Ad esempio con xpdf come faccio a selezionare un testo e copiarlo altrove? e come faccio a salvare un immagine selezionata?

----------

## xoen

 *neryo wrote:*   

> 
> 
> Grazie del consiglio.. a me la cosa che mi piace di acroread e' il poter selezionare, copiare il testo ed immagini.. finche' non ci sara' questo supporto in altri viewer per me e' difficile farne a meno.
> 
> 

 

Di niente, comunque ho fatto la prova e si può selezionare/copiare/incollare il testo (anche se il metodo di selezione è diverso rispetto a quello di Acrobat Reader), ho fatto la prova anche a copiare/incollare un'immagine ma non ho avuto fortuna, ma penso sia una cosa temporanea visto il rutilante sviluppo che sta avendo questo programma!

 *neryo wrote:*   

> 
> 
> Ma lo usi con il plugin per aprire i pdf direttamente dentro Firefox?
> 
> 

 

Penso che al momento come ha detto n3mo l'unico che te lo permette e Acrobat Reader, ma si potrebbe provare ad inviare un'e-mail allo sviluppatore di evince (tanto è pure italiano  :Wink:  ) per fargli presente che sarebbe comodo un plugin per Firefox, e con un po' di fortuna si potrà usare Evince anche in Firefox  :Wink: 

----------

## berus

C'è stata un po' di confusione.

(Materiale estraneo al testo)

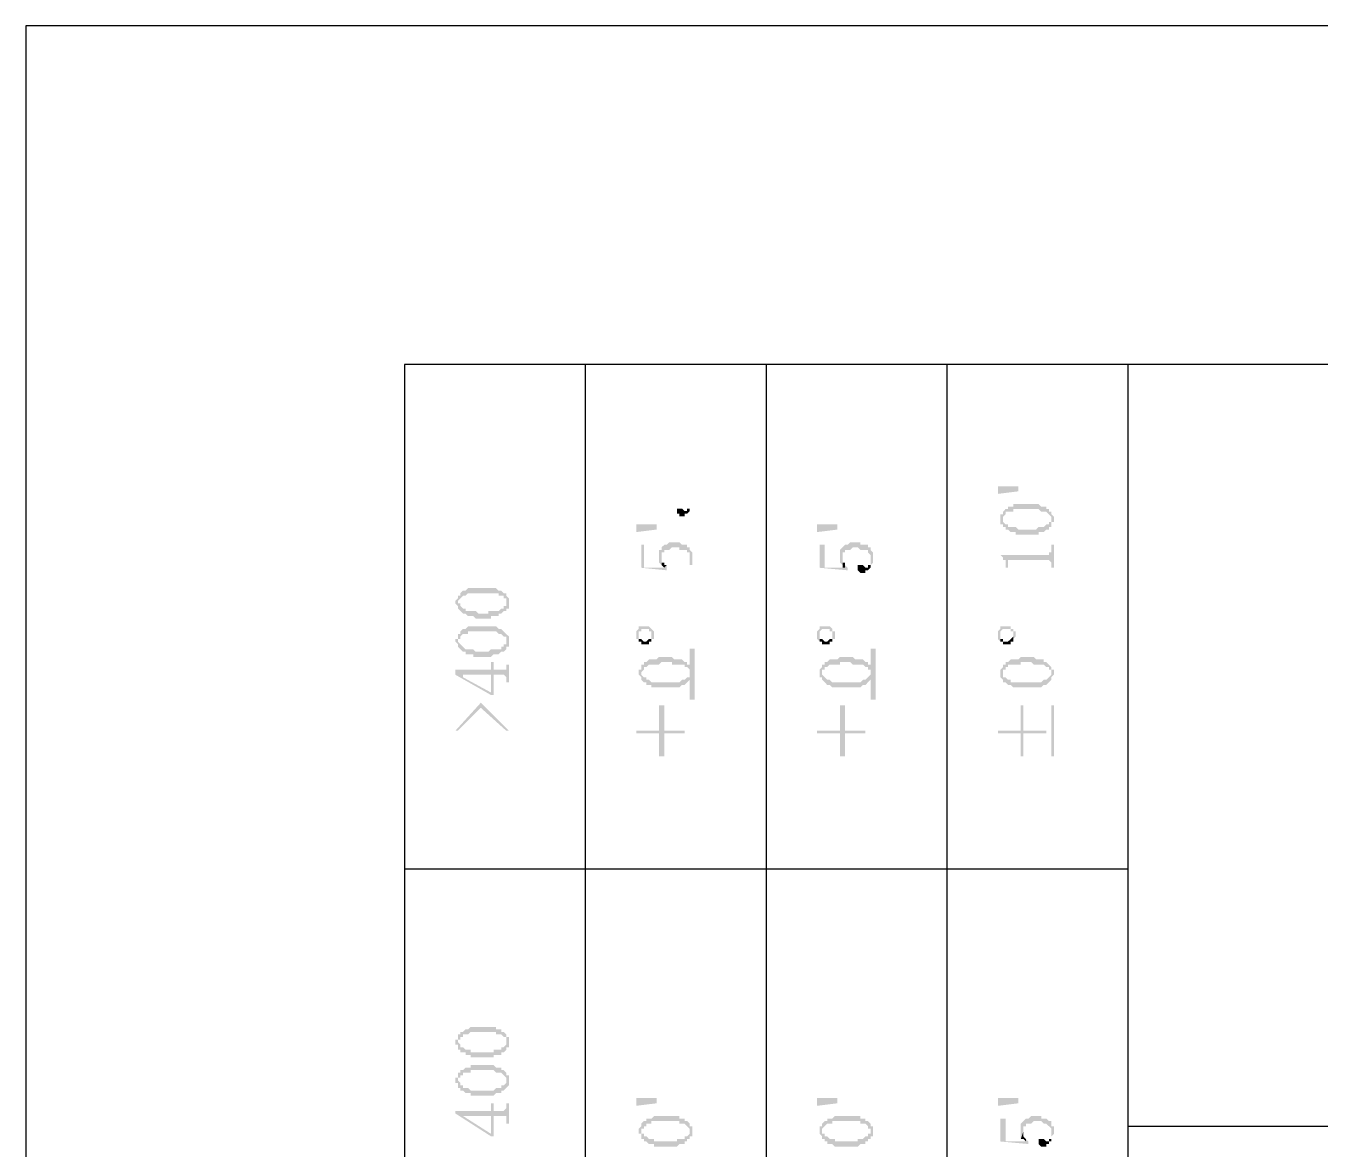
# Model space of a CAD drawing. Header units: inches. Extents: x 3613 to 8393, y -2205 to -794.
# Drawn here: x 4076.93 to 4099.86, y -1587.97 to -1568.06 of the extents above; entities that cross this region are included whole.
import ezdxf

# ---------------------------------------------------------------- set-up
doc = ezdxf.new("R2010")
doc.units = ezdxf.units.IN
doc.header["$MEASUREMENT"] = 0

msp = doc.modelspace()

# ---------------------------------------------------------------- hatches: boundary and pattern name
at = {"transparency": 33554559}
for points in [[(4094.149, -1576.22), (4094.51, -1576.22), (4094.51, -1576.311), (4094.149, -1576.356)], [(4088.462, -1576.661), (4088.462, -1576.706), (4088.507, -1576.706), (4088.507, -1576.751), (4088.598, -1576.751), (4088.598, -1576.706), (4088.643, -1576.706), (4088.688, -1576.661), (4088.688, -1576.48), (4088.688, -1576.571), (4088.688, -1576.616), (4088.643, -1576.616), (4088.643, -1576.661), (4088.598, -1576.661), (4088.553, -1576.616), (4088.462, -1576.616)], [(4094.194, -1576.807), (4094.194, -1576.852), (4094.194, -1576.897), (4094.239, -1576.897), (4094.239, -1576.942), (4094.239, -1576.807), (4094.239, -1576.762), (4094.239, -1576.762), (4094.284, -1576.717), (4094.284, -1576.672), (4094.42, -1576.672), (4094.42, -1576.626), (4094.871, -1576.626), (4094.916, -1576.672), (4095.006, -1576.672), (4095.052, -1576.717), (4095.052, -1576.717), (4095.097, -1576.762), (4095.097, -1576.807), (4095.097, -1576.672), (4095.052, -1576.672), (4095.052, -1576.626), (4095.006, -1576.626), (4095.006, -1576.581), (4094.916, -1576.581), (4094.871, -1576.536), (4094.42, -1576.536), (4094.42, -1576.581), (4094.329, -1576.581), (4094.329, -1576.626), (4094.284, -1576.626), (4094.239, -1576.672), (4094.239, -1576.717), (4094.194, -1576.717), (4094.194, -1576.762), (4094.194, -1576.762)], [(4094.239, -1576.942), (4094.284, -1576.942), (4094.284, -1576.988), (4094.329, -1576.988), (4094.375, -1577.033), (4094.465, -1577.033), (4094.465, -1577.078), (4094.871, -1577.078), (4094.871, -1577.033), (4094.961, -1577.033), (4095.006, -1576.988), (4095.052, -1576.988), (4095.052, -1576.942), (4095.097, -1576.942), (4095.097, -1576.897), (4095.097, -1576.852), (4095.142, -1576.852), (4095.142, -1576.807), (4095.142, -1576.762), (4095.142, -1576.762), (4095.097, -1576.717), (4095.097, -1576.672), (4095.097, -1576.807), (4095.097, -1576.852), (4095.052, -1576.852), (4095.052, -1576.897), (4095.006, -1576.897), (4094.961, -1576.942), (4094.871, -1576.942), (4094.826, -1576.988), (4094.51, -1576.988), (4094.465, -1576.942), (4094.329, -1576.942), (4094.329, -1576.897), (4094.284, -1576.897), (4094.239, -1576.852), (4094.239, -1576.807), (4094.239, -1576.807)], [(4087.74, -1576.897), (4088.101, -1576.897), (4088.101, -1576.988), (4087.74, -1577.033)], [(4090.945, -1576.897), (4091.306, -1576.897), (4091.306, -1576.988), (4090.945, -1577.033)], [(4087.83, -1577.258), (4087.83, -1577.665), (4088.282, -1577.71), (4088.282, -1577.665), (4088.282, -1577.619), (4088.237, -1577.665), (4087.876, -1577.665), (4087.876, -1577.258)], [(4088.146, -1577.439), (4088.146, -1577.529), (4088.146, -1577.574), (4088.146, -1577.574), (4088.191, -1577.619), (4088.191, -1577.484), (4088.191, -1577.394), (4088.237, -1577.394), (4088.237, -1577.349), (4088.327, -1577.349), (4088.372, -1577.303), (4088.507, -1577.303), (4088.507, -1577.349), (4088.643, -1577.349), (4088.643, -1577.394), (4088.688, -1577.394), (4088.688, -1577.439), (4088.688, -1577.484), (4088.688, -1577.619), (4088.733, -1577.619), (4088.733, -1577.574), (4088.733, -1577.484), (4088.733, -1577.439), (4088.733, -1577.394), (4088.688, -1577.349), (4088.688, -1577.303), (4088.643, -1577.303), (4088.643, -1577.258), (4088.553, -1577.258), (4088.507, -1577.213), (4088.327, -1577.213), (4088.282, -1577.258), (4088.237, -1577.258), (4088.191, -1577.303), (4088.191, -1577.349), (4088.146, -1577.349), (4088.146, -1577.394)], [(4090.99, -1577.258), (4090.99, -1577.665), (4091.486, -1577.71), (4091.486, -1577.665), (4091.486, -1577.665), (4091.441, -1577.619), (4091.441, -1577.665), (4091.08, -1577.665), (4091.08, -1577.258)], [(4091.351, -1577.439), (4091.351, -1577.529), (4091.351, -1577.574), (4091.351, -1577.574), (4091.396, -1577.619), (4091.396, -1577.484), (4091.396, -1577.394), (4091.441, -1577.394), (4091.441, -1577.349), (4091.531, -1577.349), (4091.576, -1577.303), (4091.667, -1577.303), (4091.712, -1577.349), (4091.847, -1577.349), (4091.847, -1577.394), (4091.847, -1577.394), (4091.892, -1577.439), (4091.892, -1577.484), (4091.892, -1577.619), (4091.892, -1577.619), (4091.937, -1577.574), (4091.937, -1577.484), (4091.937, -1577.439), (4091.937, -1577.394), (4091.892, -1577.349), (4091.892, -1577.303), (4091.847, -1577.303), (4091.847, -1577.258), (4091.712, -1577.258), (4091.712, -1577.213), (4091.531, -1577.213), (4091.486, -1577.258), (4091.441, -1577.258), (4091.396, -1577.303), (4091.396, -1577.303), (4091.351, -1577.349), (4091.351, -1577.394)], [(4094.194, -1577.439), (4094.194, -1577.439), (4094.239, -1577.484), (4094.239, -1577.529), (4094.284, -1577.529), (4094.284, -1577.574), (4094.284, -1577.665), (4094.329, -1577.665), (4094.329, -1577.574), (4094.329, -1577.529), (4095.052, -1577.529), (4095.097, -1577.574), (4095.097, -1577.665), (4095.142, -1577.665), (4095.142, -1577.258), (4095.097, -1577.258), (4095.097, -1577.349), (4095.097, -1577.394), (4095.052, -1577.394), (4095.052, -1577.439), (4095.006, -1577.439)], [(4088.191, -1577.619), (4088.191, -1577.619), (4088.237, -1577.665), (4088.237, -1577.665), (4088.282, -1577.619), (4088.237, -1577.619), (4088.237, -1577.574), (4088.191, -1577.574), (4088.191, -1577.529), (4088.191, -1577.484)], [(4091.396, -1577.619), (4091.396, -1577.665), (4091.441, -1577.665), (4091.441, -1577.619), (4091.441, -1577.574), (4091.396, -1577.574), (4091.396, -1577.529), (4091.396, -1577.484)], [(4091.667, -1577.665), (4091.667, -1577.71), (4091.667, -1577.71), (4091.712, -1577.755), (4091.802, -1577.755), (4091.802, -1577.71), (4091.847, -1577.71), (4091.892, -1577.665), (4091.892, -1577.484), (4091.892, -1577.574), (4091.892, -1577.619), (4091.847, -1577.619), (4091.847, -1577.665), (4091.802, -1577.665), (4091.757, -1577.619), (4091.667, -1577.619)], [(4084.536, -1578.296), (4084.536, -1578.296), (4084.581, -1578.342), (4084.581, -1578.387), (4084.581, -1578.251), (4084.581, -1578.251), (4084.626, -1578.206), (4084.626, -1578.206), (4084.671, -1578.161), (4084.716, -1578.161), (4084.761, -1578.116), (4085.303, -1578.116), (4085.303, -1578.161), (4085.393, -1578.161), (4085.393, -1578.206), (4085.438, -1578.206), (4085.438, -1578.251), (4085.438, -1578.296), (4085.438, -1578.116), (4085.393, -1578.116), (4085.348, -1578.071), (4085.303, -1578.071), (4085.258, -1578.026), (4084.761, -1578.026), (4084.716, -1578.071), (4084.671, -1578.071), (4084.626, -1578.116), (4084.626, -1578.161), (4084.581, -1578.161), (4084.581, -1578.206), (4084.581, -1578.206), (4084.536, -1578.251)], [(4084.581, -1578.387), (4084.626, -1578.432), (4084.626, -1578.432), (4084.671, -1578.477), (4084.716, -1578.477), (4084.761, -1578.522), (4084.852, -1578.522), (4084.897, -1578.567), (4085.168, -1578.567), (4085.168, -1578.522), (4085.303, -1578.522), (4085.303, -1578.477), (4085.348, -1578.477), (4085.393, -1578.432), (4085.438, -1578.432), (4085.438, -1578.387), (4085.484, -1578.387), (4085.484, -1578.342), (4085.484, -1578.296), (4085.484, -1578.251), (4085.484, -1578.206), (4085.484, -1578.206), (4085.438, -1578.161), (4085.438, -1578.296), (4085.438, -1578.342), (4085.393, -1578.342), (4085.393, -1578.387), (4085.348, -1578.387), (4085.303, -1578.432), (4085.123, -1578.432), (4085.123, -1578.477), (4084.942, -1578.477), (4084.897, -1578.432), (4084.716, -1578.432), (4084.716, -1578.387), (4084.671, -1578.387), (4084.626, -1578.342), (4084.626, -1578.296), (4084.581, -1578.296)], [(4084.536, -1578.973), (4084.536, -1578.973), (4084.581, -1579.019), (4084.581, -1579.064), (4084.581, -1578.973), (4084.581, -1578.928), (4084.626, -1578.928), (4084.626, -1578.883), (4084.626, -1578.883), (4084.671, -1578.838), (4084.761, -1578.838), (4084.761, -1578.793), (4085.258, -1578.793), (4085.303, -1578.838), (4085.348, -1578.838), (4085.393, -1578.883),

Qualche post sopra ho chiesto come utilizzare il plugin di acroread. Per adesso a me funziona solo come applicazione di default..  :Confused: 

----------

## federico

 *berus wrote:*   

> C'è stata un po' di confusione. Qualche post sopra ho chiesto come utilizzare il plugin di acroread. Per adesso a me funziona solo come applicazione di default.. 

 

Installa acrobat reader 7, poi copia (o fai un link simbolico) di

/opt/Acrobat7/Browser/intellinux/nppdf.so

in

/usr/lib/MozillaFirefox/plugins/

Assicurati che acroread sia nella path e che sia eseguibile, avvia firefox e sei a posto!

Federico

----------

## berus

Grazie.

Il file esiste già, l'ha creato all'installazione a quanto pare. Solo che se provo ad aprire un .pdf non succede nulla. Prima avevo l'opzione (Edit->Preferences->Donwloads) impostata sull'apertura con acroread (e mi si apriva separatamente).. adesso l'ho tolta.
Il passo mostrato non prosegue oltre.